First lady Michelle Obama has become a fierce campaigner in her husband’s re-election bid, regularly striking out on her own to defend him and urge voters to give him another four years to complete their agenda.
Ann Romney has played a more low-key — though possibly more important — role by highlighting the softer side of her husband, Republican presidential nominee Mitt Romney.
Together, the two women are playing the kinds of campaign roles pioneered by then-first lady Laura Bush in 2004, who earned the label of George W. Bush’s “secret weapon” for her ability to charm crowds and deflect attacks on her husband.
“The first lady, though she is a member of a political party, if you will, is not perceived as a partisan figure,” said Myra Gutin, a first lady historian and professor of communication at Rider University in Lawrenceville, N.J. “From everything I’ve read and seen, Michelle Obama hasn’t taken any swipes at Mitt Romney.”
Indeed, the Obama campaign has chiefly used Mrs. Obama to rally Democratic base voters and to push others to get out and vote.
At a recent campaign stop in Broward County in Florida — a toss-up state that Mr.
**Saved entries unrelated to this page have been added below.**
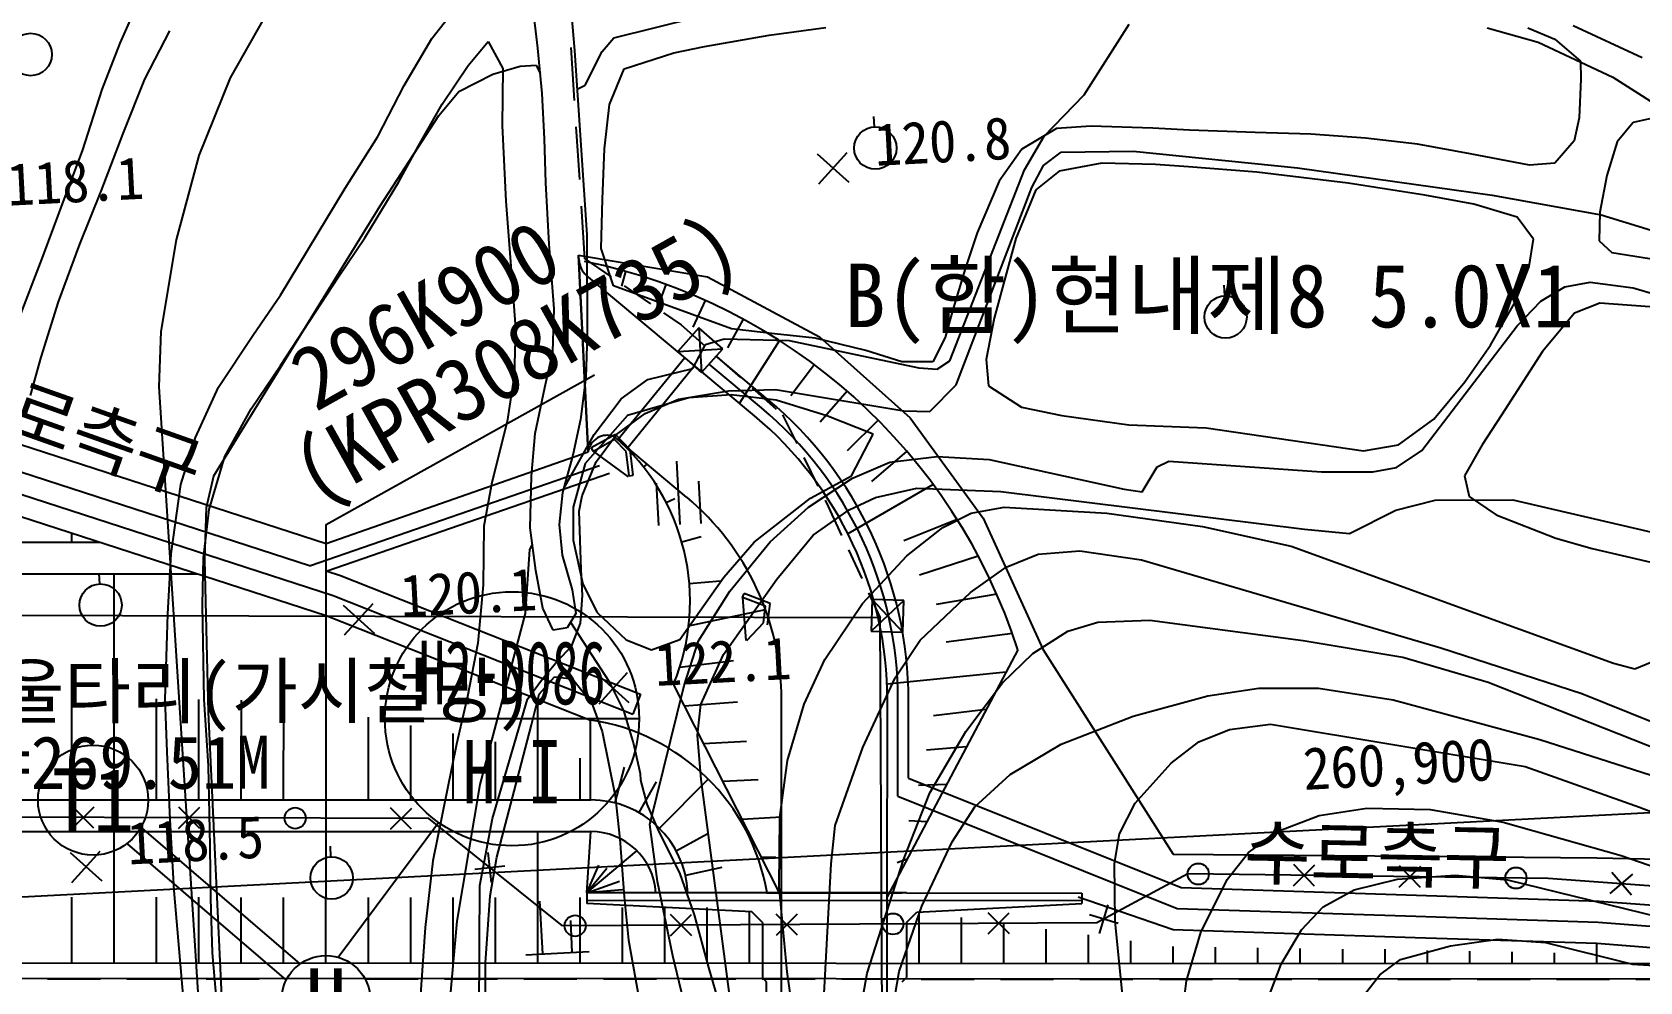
# Model space of a CAD drawing. Header units: millimetres. Extents: x 14054 to 14850, y 1103 to 1809.
# Drawn here: x 14627.5 to 14703.4, y 1472.6 to 1517.4 of the extents above; entities that cross this region are included whole.
import ezdxf
from ezdxf.enums import TextEntityAlignment as Align
from ezdxf.xclip import XClip

# ---------------------------------------------------------------- set-up
doc = ezdxf.new("R2010")
doc.units = ezdxf.units.MM
doc.header["$LTSCALE"] = 10
doc.header["$MEASUREMENT"] = 0
doc.header["$XCLIPFRAME"] = 2
doc.linetypes.add('HIDDEN', pattern=[0.375, 0.25, -0.125])
for name, color, linetype in [('TN-MANH', 4, 'Continuous'), ('TT-WIRE-EQPM', 6, 'Continuous'), ('TZ-BASE', 253, 'Continuous'), ('TZ-CABL', 4, 'Continuous')]:
    doc.layers.add(name, color=color, linetype=linetype)
doc.styles.add('GR', font='GulimChe.ttf')
doc.styles.add('HANA', font='GulimChe.ttf')
doc.styles.get("Standard").update_dxf_attribs({"font": 'GulimChe.ttf'})
doc.linetypes.add('I_LINE', pattern='A,3.5,["I",Standard,S=1,R=0,X=-1,Y=-0.5],3.5', length=7)

# ---------------------------------------------------------------- blocks, each defined once
blk = doc.blocks.new('JD-SSG3')
at = {"layer": 'TZ-BASE'}
for p, q in [((511.247, 55.711, 114.485), (511.741, 50.162, 114.485)), ((495.495, 48.882, 119), (498.518, 54.209, 119)), ((504.992, 50.739, 118.899), (507.005, 53.285, 118.899)), ((490.278, 50.521, 117.953), (491.095, 52.331, 117.953)), ((509.996, 50.285, 114.485), (509.76, 52.282, 114.485)), ((513.585, 50.769, 120), (517.593, 51.764, 120)), ((492.611, 51.094, 118.899), (491.438, 48.821, 118.899)), ((517.877, 50.363, 120.938), (520.925, 50.894, 120.938)), ((520.925, 50.894, 120.938), (523.594, 51.257, 120.938)), ((535.789, 48.073, 121), (537.924, 51.411, 121)), ((554.818, 51.237, 121), (557.235, 50.561, 121)), ((556.741, 51.234, 120.938), (558.025, 50.711, 120.938)), ((558.884, 51.349, 120), (562.14, 49.845, 120)), ((489.441, 48.334, 117.953), (490.278, 50.521, 117.953)), ((503.692, 48.508, 118.899), (504.992, 50.739, 118.899)), ((506.718, 49.459, 120.139), (507.662, 50.597, 120.139)), ((507.662, 50.597, 120.139), (508.358, 49.315, 120.139)), ((510.209, 48.141, 114.485), (509.996, 50.285, 114.485)), ((511.741, 50.162, 114.485), (512.324, 41.462, 114.485)), ((512.236, 48.532, 120), (513.036, 50.127, 120)), ((513.036, 50.127, 120), (513.585, 50.769, 120)), ((516.428, 50.066, 120.938), (517.877, 50.363, 120.938)), ((557.235, 50.561, 121), (560.755, 48.902, 121)), ((558.025, 50.711, 120.938), (559.225, 49.663, 120.938)), ((505.481, 47.629, 120.139), (506.718, 49.459, 120.139)), ((507.875, 49.046, 120), (509.173, 49.428, 120)), ((509.173, 49.428, 120), (509.928, 49.48, 120)), ((509.928, 49.48, 120), (510.116, 49.08, 120)), ((514.075, 49.305, 120.938), (516.428, 50.066, 120.938)), ((559.225, 49.663, 120.938), (559.248, 48.822, 120.938)), ((491.438, 48.821, 118.899), (490.412, 46.256, 118.899)), ((494.018, 45.203, 119), (495.495, 48.882, 119)), ((506.279, 48.228, 120), (507.875, 49.046, 120)), ((508.358, 49.315, 120.139), (508.32, 46.624, 120.139)), ((513.384, 47.622, 120.938), (514.075, 49.305, 120.938)), ((559.248, 48.822, 120.938), (559.167, 46.993, 120.938)), ((560.755, 48.902, 121), (564.95, 46.229, 121)), ((488.501, 45.432, 117.953), (489.441, 48.334, 117.953)), ((502.457, 46.109, 118.899), (503.692, 48.508, 118.899)), ((505.334, 47.102, 120), (506.279, 48.228, 120)), ((510.318, 45.998, 114.485), (510.209, 48.141, 114.485)), ((511.863, 48.339, 120), (512.236, 48.532, 120)), ((533.903, 46.115, 121), (535.789, 48.073, 121)), ((502.567, 42.826, 120), (505.334, 47.102, 120)), ((504.37, 45.672, 120.139), (505.481, 47.629, 120.139)), ((513.157, 45.519, 120.938), (513.384, 47.622, 120.938)), ((508.32, 46.624, 120.139), (508.495, 43.052, 120.139)), ((525.858, 47.058, 121.19), (525.884, 46.559, 121.19)), ((534.491, 46.484, 120.938), (532.853, 45.514, 120.938)), ((536.13, 46.593, 120.938), (534.491, 46.484, 120.938)), ((539.031, 46.493, 120.938), (536.13, 46.593, 120.938)), ((540.776, 46.412, 120.938), (539.031, 46.493, 120.938)), ((543.866, 46.292, 120.938), (540.776, 46.412, 120.938)), ((559.167, 46.993, 120.938), (558.938, 45.9, 120.938)), ((561.71, 46.766, 122.052), (560.955, 45.861, 122.052)), ((562.845, 47.021, 122.052), (561.71, 46.766, 122.052)), ((490.412, 46.256, 118.899), (489.366, 43.521, 118.899)), ((500.906, 43.669, 118.899), (502.457, 46.109, 118.899)), ((503.449, 43.968, 120.139), (504.37, 45.672, 120.139)), ((510.385, 43.917, 114.485), (510.318, 45.998, 114.485)), ((532.979, 44.525, 121), (533.903, 46.115, 121)), ((546.494, 46.213, 120.938), (543.866, 46.292, 120.938)), ((549.079, 46.028, 120.938), (546.494, 46.213, 120.938)), ((551.539, 45.738, 120.938), (549.079, 46.028, 120.938)), ((554.02, 45.28, 120.938), (551.539, 45.738, 120.938)), ((558.938, 45.9, 120.938), (558.015, 44.846, 120.938)), ((560.955, 45.861, 122.052), (560.475, 44.263, 122.052)), ((487.706, 43.308, 117.953), (488.501, 45.432, 117.953)), ((492.94, 41.229, 119), (494.018, 45.203, 119)), ((513.057, 43.144, 120.938), (513.157, 45.519, 120.938)), ((523.199, 45.284, 120.791), (524.685, 43.945, 120.791)), ((523.273, 43.872, 120.791), (524.612, 45.358, 120.791)), ((532.853, 45.514, 120.938), (531.784, 43.999, 120.938)), ((533.872, 44.734, 122), (534.708, 45.368, 122)), ((536.638, 44.849, 122.136), (534.62, 44.466, 122.136)), ((534.708, 45.368, 122), (538.113, 45.406, 122)), ((539.161, 44.79, 122.136), (536.638, 44.849, 122.136)), ((538.113, 45.406, 122), (545.865, 44.631, 122)), ((540.716, 44.667, 122.136), (539.161, 44.79, 122.136)), ((556.817, 44.76, 120.938), (554.02, 45.28, 120.938)), ((558.015, 44.846, 120.938), (556.817, 44.76, 120.938)), ((529.458, 35.511, 121), (532.979, 44.525, 121)), ((533.325, 43.691, 122), (533.872, 44.734, 122)), ((534.62, 44.466, 122.136), (533.508, 43.582, 122.136)), ((543.953, 44.421, 122.136), (540.716, 44.667, 122.136)), ((548.264, 43.903, 122.136), (543.953, 44.421, 122.136)), ((545.865, 44.631, 122), (555.062, 43.329, 122)), ((560.475, 44.263, 122.052), (560.142, 42.539, 122.052)), ((486.597, 40.341, 117.953), (487.706, 43.308, 117.953)), ((489.366, 43.521, 118.899), (488.363, 41.017, 118.899)), ((497.847, 38.617, 118.899), (500.906, 43.669, 118.899)), ((501.835, 41.316, 120.139), (503.449, 43.968, 120.139)), ((510.539, 41.017, 114.485), (510.385, 43.917, 114.485)), ((529.758, 34.378, 122), (533.325, 43.691, 122)), ((531.784, 43.999, 120.938), (530.738, 41.559, 120.938)), ((533.508, 43.582, 122.136), (532.566, 41.289, 122.136)), ((551.88, 43.343, 122.136), (548.264, 43.903, 122.136)), ((554.192, 42.906, 122.136), (551.88, 43.343, 122.136)), ((555.062, 43.329, 122), (560.212, 42.4, 122)), ((494.712, 30.071, 120), (502.567, 42.826, 120)), ((508.495, 43.052, 120.139), (508.733, 39.983, 120.139)), ((512.998, 40.811, 120.938), (513.057, 43.144, 120.938)), ((556.232, 42.3, 122.136), (554.192, 42.906, 122.136)), ((560.142, 42.539, 122.052), (560.103, 41.172, 122.052)), ((557.013, 41.251, 122.136), (556.232, 42.3, 122.136)), ((560.212, 42.4, 122), (565.349, 40.817, 122)), ((488.363, 41.017, 118.899), (487.358, 38.304, 118.899)), ((492.215, 36.893, 119), (492.94, 41.229, 119)), ((500.599, 39.485, 120.139), (501.835, 41.316, 120.139)), ((510.775, 37.969, 114.485), (510.539, 41.017, 114.485)), ((512.324, 41.462, 114.485), (512.333, 36.711, 114.485)), ((530.738, 41.559, 120.938), (530.173, 39.855, 120.938)), ((532.566, 41.289, 122.136), (531.544, 37.525, 122.136)), ((556.805, 39.967, 122.136), (557.013, 41.251, 122.136)), ((560.103, 41.172, 122.052), (560.713, 40.627, 122.052)), ((485.448, 37.355, 117.953), (486.597, 40.341, 117.953)), ((511.929, 40.496), (512.382, 31.212, 114.485)), ((512.382, 31.212), (511.929, 40.496)), ((511.929, 40.496), (518.019, 39.478)), ((512.382, 31.212), (511.929, 40.496)), ((511.929, 40.496), (518.019, 39.478)), ((513.569, 39.046, 120.938), (512.998, 40.811, 120.938)), ((560.713, 40.627, 122.052), (562.879, 40.273, 122.052)), ((497.853, 35.296, 120.139), (500.599, 39.485, 120.139)), ((508.733, 39.983, 120.139), (508.948, 37.041, 120.139)), ((514.143, 39.733), (513.946, 39.035)), ((518.019, 39.478), (523.297, 36.647)), ((518.019, 39.478), (523.297, 36.647)), ((530.173, 39.855, 120.938), (529.588, 37.878, 120.938)), ((556.156, 38.306, 122.136), (556.805, 39.967, 122.136)), ((519.143, 37.018, 120.938), (513.569, 39.046, 120.938)), ((516.046, 39.119), (515.669, 38.082)), ((542.396, 39.081, 122.241), (542.421, 38.581, 122.241)), ((557.361, 38.333, 123), (558.482, 39, 123)), ((558.482, 39, 123), (559.684, 39.219, 123)), ((559.684, 39.219, 123), (561.713, 38.962, 123)), ((561.713, 38.962, 123), (572.976, 35.616, 123)), ((487.358, 38.304, 118.899), (486.544, 35.675, 118.899)), ((496.547, 36.702, 118.899), (497.847, 38.617, 118.899)), ((510.716, 35.93, 114.485), (510.775, 37.969, 114.485)), ((517.899, 38.367), (517.327, 37.094)), ((554.983, 36.244, 122.136), (556.156, 38.306, 122.136)), ((556.243, 37.166, 123), (557.361, 38.333, 123)), ((560.15, 38.229, 124.448), (558.953, 37.765, 124.448)), ((562.505, 38.066, 124.448), (560.15, 38.229, 124.448)), ((519.692, 37.482), (518.957, 36.123)), ((529.588, 37.878, 120.938), (529.233, 36.616, 120.938)), ((531.544, 37.525, 122.136), (531.168, 35.569, 122.136)), ((558.953, 37.765, 124.448), (557.443, 35.954, 124.448)), ((492.125, 34.281, 119), (492.215, 36.893, 119)), ((494.933, 34.262, 118.899), (496.547, 36.702, 118.899)), ((508.948, 37.041, 120.139), (508.89, 34.813, 120.139)), ((512.333, 36.711, 114.485), (512.273, 34.735, 114.485)), ((517.611, 37.071), (516.616, 35.949)), ((517.611, 37.071), (517.737, 34.954)), ((518.733, 36.075), (517.611, 37.071)), ((517.926, 36.288, 121), (518.798, 36.551, 121)), ((518.798, 36.551, 121), (521.874, 36.476, 121)), ((521.182, 36.79, 120.938), (519.143, 37.018, 120.938)), ((521.415, 36.467), (519.521, 33.506)), ((523.095, 36.584, 120.938), (521.182, 36.79, 120.938)), ((521.874, 36.476, 121), (527.989, 35.177, 121)), ((525.492, 35.999, 120.938), (523.095, 36.584, 120.938)), ((523.297, 36.647), (527.581, 32.822)), ((523.297, 36.647), (527.581, 32.822)), ((529.233, 36.616, 120.938), (528.647, 35.459, 120.938)), ((551.746, 31.276, 123), (556.243, 37.166, 123)), ((486.544, 35.675, 118.899), (486.042, 33.867, 118.899)), ((510.341, 34.247, 114.485), (510.716, 35.93, 114.485)), ((516.616, 35.949), (518.733, 36.075)), ((516.616, 35.949), (517.737, 34.954)), ((517.324, 35.147, 121), (517.926, 36.288, 121)), ((517.737, 34.954), (518.733, 36.075)), ((520.881, 33.671), (518.425, 35.728)), ((527.196, 35.456, 120.938), (525.492, 35.999, 120.938)), ((553.767, 34.518, 122.136), (554.983, 36.244, 122.136)), ((557.443, 35.954, 124.448), (555.494, 32.945, 124.448)), ((496.47, 33.234, 120.139), (497.853, 35.296, 120.139)), ((513.777, 31.787), (516.941, 35.665)), ((514.249, 31.416), (517.406, 35.286)), ((515.192, 34.635, 121), (517.324, 35.147, 121)), ((520.56, 33.288), (518.092, 35.353)), ((523.059, 35.329), (521.952, 33.85)), ((528.647, 35.459, 120.938), (527.196, 35.456, 120.938)), ((527.989, 35.177, 121), (528.85, 35.11, 121)), ((528.85, 35.11, 121), (529.458, 35.511, 121)), ((531.168, 35.569, 122.136), (531.276, 34.329, 122.136)), ((494.308, 0.495, 119), (492.125, 34.281, 119)), ((493.844, 31.884, 118.899), (494.933, 34.262, 118.899)), ((508.89, 34.813, 120.139), (508.557, 32.647, 120.139)), ((509.882, 32.082, 114.485), (510.341, 34.247, 114.485)), ((512.273, 34.735, 114.485), (512.025, 32.738, 114.485)), ((513.942, 33.707, 121), (515.192, 34.635, 121)), ((528.505, 33.123, 122), (529.758, 34.378, 122)), ((531.276, 34.329, 122.136), (532.834, 33.323, 122.136)), ((552.299, 32.749, 122.136), (553.767, 34.518, 122.136)), ((512.657, 32.037, 121), (513.942, 33.707, 121)), ((517.131, 33.756, 122.746), (514.231, 32.931, 122.746)), ((515.069, 33.016, 122), (516.647, 33.693, 122)), ((516.647, 33.693, 122), (519.008, 34.099, 122)), ((519.127, 33.907, 122.746), (517.131, 33.756, 122.746)), ((519.008, 34.099, 122), (521.23, 34.154, 122)), ((521.251, 33.659, 122.746), (519.127, 33.907, 122.746)), ((521.23, 34.154, 122), (527.282, 33.153, 122)), ((523.648, 32.907, 122.746), (521.251, 33.659, 122.746)), ((524.615, 34.073), (523.338, 32.605)), ((480.011, 33.369), (500.009, 26.883)), ((480.011, 33.369), (500.009, 26.883)), ((495.234, 30.983, 120.139), (496.47, 33.234, 120.139)), ((508.557, 32.647, 120.139), (507.827, 29.766, 120.139)), ((512.025, 32.738, 114.485), (511.65, 31.055, 114.485)), ((514.231, 32.931, 122.746), (512.239, 30.657, 122.746)), ((513.723, 32.023, 122), (515.069, 33.016, 122)), ((525.836, 32.049, 122.746), (523.648, 32.907, 122.746)), ((526.074, 32.706), (524.609, 31.252)), ((527.282, 33.153, 122), (528.505, 33.123, 122)), ((527.581, 32.822), (531.023, 28.08)), ((527.581, 32.822), (531.023, 28.08)), ((532.834, 33.323, 122.136), (534.747, 32.927, 122.136)), ((534.747, 32.927, 122.136), (537.901, 32.491, 122.136)), ((550.641, 31.549, 122.136), (552.299, 32.749, 122.136)), ((555.494, 32.945, 124.448), (554.593, 31.534, 124.448)), ((480.427, 31.937), (499.269, 25.825)), ((493.155, 29.675, 118.899), (493.844, 31.884, 118.899)), ((509.697, 30.064, 114.485), (509.882, 32.082, 114.485)), ((511.214, 29.452, 121), (512.657, 32.037, 121)), ((513.665, 32.037), (512.527, 31.393)), ((512.757, 30.733, 122), (513.723, 32.023, 122)), ((517.03, 29.07), (513.609, 31.934)), ((514.364, 31.31), (513.665, 32.037)), ((524.81, 30.071, 122.746), (525.836, 32.049, 122.746)), ((537.901, 32.491, 122.136), (541.559, 32.352, 122.136)), ((541.559, 32.352, 122.136), (548.981, 31.251, 122.136)), ((500.009, 26.883), (512.382, 31.212)), ((500.009, 26.883), (512.382, 31.212)), ((513.628, 31.787), (512.626, 31.219)), ((512.626, 31.219), (514.275, 30.035)), ((514.174, 31.22), (513.628, 31.787)), ((514.312, 30.077), (514.174, 31.22)), ((514.511, 30.101), (514.364, 31.31)), ((527.429, 31.236), (525.756, 29.803)), ((548.981, 31.251, 122.136), (550.641, 31.549, 122.136)), ((550.542, 30.463, 123), (551.746, 31.276, 123)), ((554.593, 31.534, 124.448), (553.754, 30.083, 124.448)), ((480.218, 30.953), (500.347, 24.424)), ((494.481, 28.479, 120.139), (495.234, 30.983, 120.139)), ((512.919, 30.553), (499.269, 25.825)), ((511.65, 31.055, 114.485), (511.17, 29.289, 114.485)), ((512.239, 30.657, 122.746), (511.675, 28.596, 122.746)), ((512.101, 29.137, 122), (512.757, 30.733, 122)), ((514.992, 30.493), (515.166, 30.63)), ((516.557, 30.776, 122.367), (516.712, 27.78, 122.367)), ((524.859, 29.963, 123), (526.621, 30.716, 123)), ((526.621, 30.716, 123), (528.854, 30.989, 123)), ((528.854, 30.989, 123), (531.316, 30.856, 123)), ((531.316, 30.856, 123), (537.684, 29.44, 123)), ((538.542, 29.325, 123), (539.243, 30.497, 123)), ((539.243, 30.497, 123), (539.796, 30.776, 123)), ((539.796, 30.776, 123), (546.994, 30.271, 123)), ((549.426, 30.273, 123), (550.542, 30.463, 123)), ((480.01, 29.969), (500.008, 23.483)), ((492.699, 26.395, 118.899), (493.155, 29.675, 118.899)), ((494.362, 28.576, 120), (494.712, 30.071, 120)), ((513.386, 30.186), (500.058, 25.569)), ((507.827, 29.766, 120.139), (507.452, 27.705, 120.139)), ((509.638, 27.625, 114.485), (509.697, 30.064, 114.485)), ((515.714, 27.728, 122.367), (515.61, 29.725, 122.367)), ((517.711, 27.832, 122.367), (517.607, 29.829, 122.367)), ((522.786, 28.601, 123), (524.859, 29.963, 123)), ((522.879, 29.017, 122.746), (524.81, 30.071, 122.746)), ((528.673, 29.67), (524.646, 27.338)), ((546.994, 30.271, 123), (549.426, 30.273, 123)), ((553.754, 30.083, 124.448), (553.966, 29.096, 124.448)), ((511.17, 29.289, 114.485), (511.004, 27.775, 114.485)), ((511.949, 28.407, 122), (512.101, 29.137, 122)), ((516.069, 28.811), (516.464, 29.013)), ((520.213, 26.951, 122.746), (522.879, 29.017, 122.746)), ((524.7, 28.467, 124), (525.952, 29.06, 124)), ((525.952, 29.06, 124), (527.903, 29.493, 124)), ((527.903, 29.493, 124), (531.857, 29.332, 124)), ((531.857, 29.332, 124), (546.203, 27.56, 124)), ((537.684, 29.44, 123), (538.542, 29.325, 123)), ((550.512, 28.452, 124), (552.372, 28.925, 124)), ((552.372, 28.925, 124), (556.041, 28.947, 124)), ((553.966, 29.096, 124.448), (555.25, 28.236, 124.448)), ((556.041, 28.947, 124), (573.974, 24.751, 124)), ((494.212, 26.21, 120.139), (494.481, 28.479, 120.139)), ((494.278, 26.104, 120), (494.362, 28.576, 120)), ((511.675, 28.596, 122.746), (511.678, 27.041, 122.746)), ((512.055, 25.655, 122), (511.949, 28.407, 122)), ((520.97, 26.96, 123), (522.786, 28.601, 123)), ((523.004, 27.267, 124), (524.7, 28.467, 124)), ((529.123, 27.638, 125), (530.467, 28.319, 125)), ((530.467, 28.319, 125), (532.013, 28.592, 125)), ((532.013, 28.592, 125), (536.864, 28.318, 125)), ((536.864, 28.318, 125), (541.389, 27.685, 125)), ((548.33, 27.359, 124), (550.512, 28.452, 124)), ((555.25, 28.236, 124.448), (558.069, 27.126, 124.448)), ((488.008, 26.947), (488.008, 27.375)), ((507.452, 27.705, 120.139), (507.415, 24.931, 120.139)), ((509.916, 25.608, 114.485), (509.638, 27.625, 114.485)), ((511.004, 27.775, 114.485), (511.154, 26.325, 114.485)), ((529.799, 28.017), (527.286, 27.009)), ((527.417, 26.298, 125), (529.123, 27.638, 125)), ((531.023, 28.08), (533.852, 21.885)), ((531.023, 28.08), (533.852, 21.885)), ((541.389, 27.685, 125), (545.575, 26.758, 125)), ((546.203, 27.56, 124), (548.33, 27.359, 124)), ((455.334, 26.957), (489.33, 26.946)), ((509.416, 23.579, 121), (509.619, 26.594, 121)), ((509.619, 26.594, 121), (509.748, 26.826, 121)), ((511.678, 27.041, 122.746), (512.123, 24.96, 122.746)), ((516.8, 26.953), (517.711, 27.212)), ((518.786, 25.288, 122.746), (520.213, 26.951, 122.746)), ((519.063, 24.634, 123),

Obama won in 2008 — the first lady closed by delivering a pitch for early voting.
“Because if you vote early, number one, you get it out of the way,” she said. “So if you wake up on Election Day and you’re sick, the car broke down, there’s no baby-sitter, somebody is throwing up, wake up with an ear infection — this is that time of year. Your kids wake up, it’s like, oh Lord, your ear hurts — just take an Anacin. Just get to school, whatever you do. We mothers understand that.”
Mrs. Obama’s signature issue, her “Let’s Move” campaign to reduce childhood obesity, has drawn both more support — including corporate backing — and more ridicule than causes adopted by other first ladies in recent times.
“Every first lady is more popular than her husband, but maybe not as well known,” Ms. Gutin said. “Michelle Obama [is] more well known. And I think because of her project, she’s been out more.”
’Romney’s secret weapon’
Mrs. Romney, while not campaigning as often as Mrs. Obama, has effectively played the role of disarming charmer and has provided a window into the private life of her husband that few have seen.
Mrs. Romney, who overcame breast cancer and has multiple sclerosis, said at the Republican National Convention in August her marriage to Mr. Romney was not a “storybook marriage,” but a “real marriage.”
“I know this good and decent man for what he is,” she said. “No one will work harder. No one will care more. And no one will move heaven and earth like Mitt Romney to make this country a better place to live.”
Noelle Nikpour, a GOP fundraiser who worked on former New York Mayor Rudolph W. Giuliani’s 2008 presidential campaign, said Mrs. Romney and Mrs. Bush were “two peas in a pod.”
“I think she is Mitt Romney’s secret weapon,” Ms. Nikpour said. “He was at a disconnect with the American people, and Ann Romney was the glue. I think Michelle has been a good first lady — I just think that if you have looked at who has helped a candidate the most, it’s Ann Romney.”
One connection with Mrs. Bush that Mrs. Romney shares is a similar exchange that both would just as soon forget.
(Corrected paragraph:) In 2004, Teresa Heinz-Kerry, the wife of then-presidential candidate John F. Kerry, said that Mrs. Bush — despite years of teaching, working as a librarian and raising two daughters — “never had a real job.” This year, it was Democratic pundit Hilary Rosen who said that Mrs. Romney, a mother who raised five boys, had “never worked a day in her life.”
While Mrs. Bush turned the other cheek, Mrs. Romney’s initial response — incidentally, her first-ever tweet — was civil but a bit more confrontational.
“I made a choice to stay home and raise five boys,” she wrote. “Believe me, it was hard work.”
Ms. Gutin said Mrs. Romney has acquitted herself very well as a campaigner and, while she doesn’t yet have Mrs. Obama’s sense of comfort with crowds, she would with time.
(Corrected paragraph:) “I think it helped her that [Mr. Romney] ran four years ago,” she said. “I think the Hilary Rosen observation really kicked her into action.”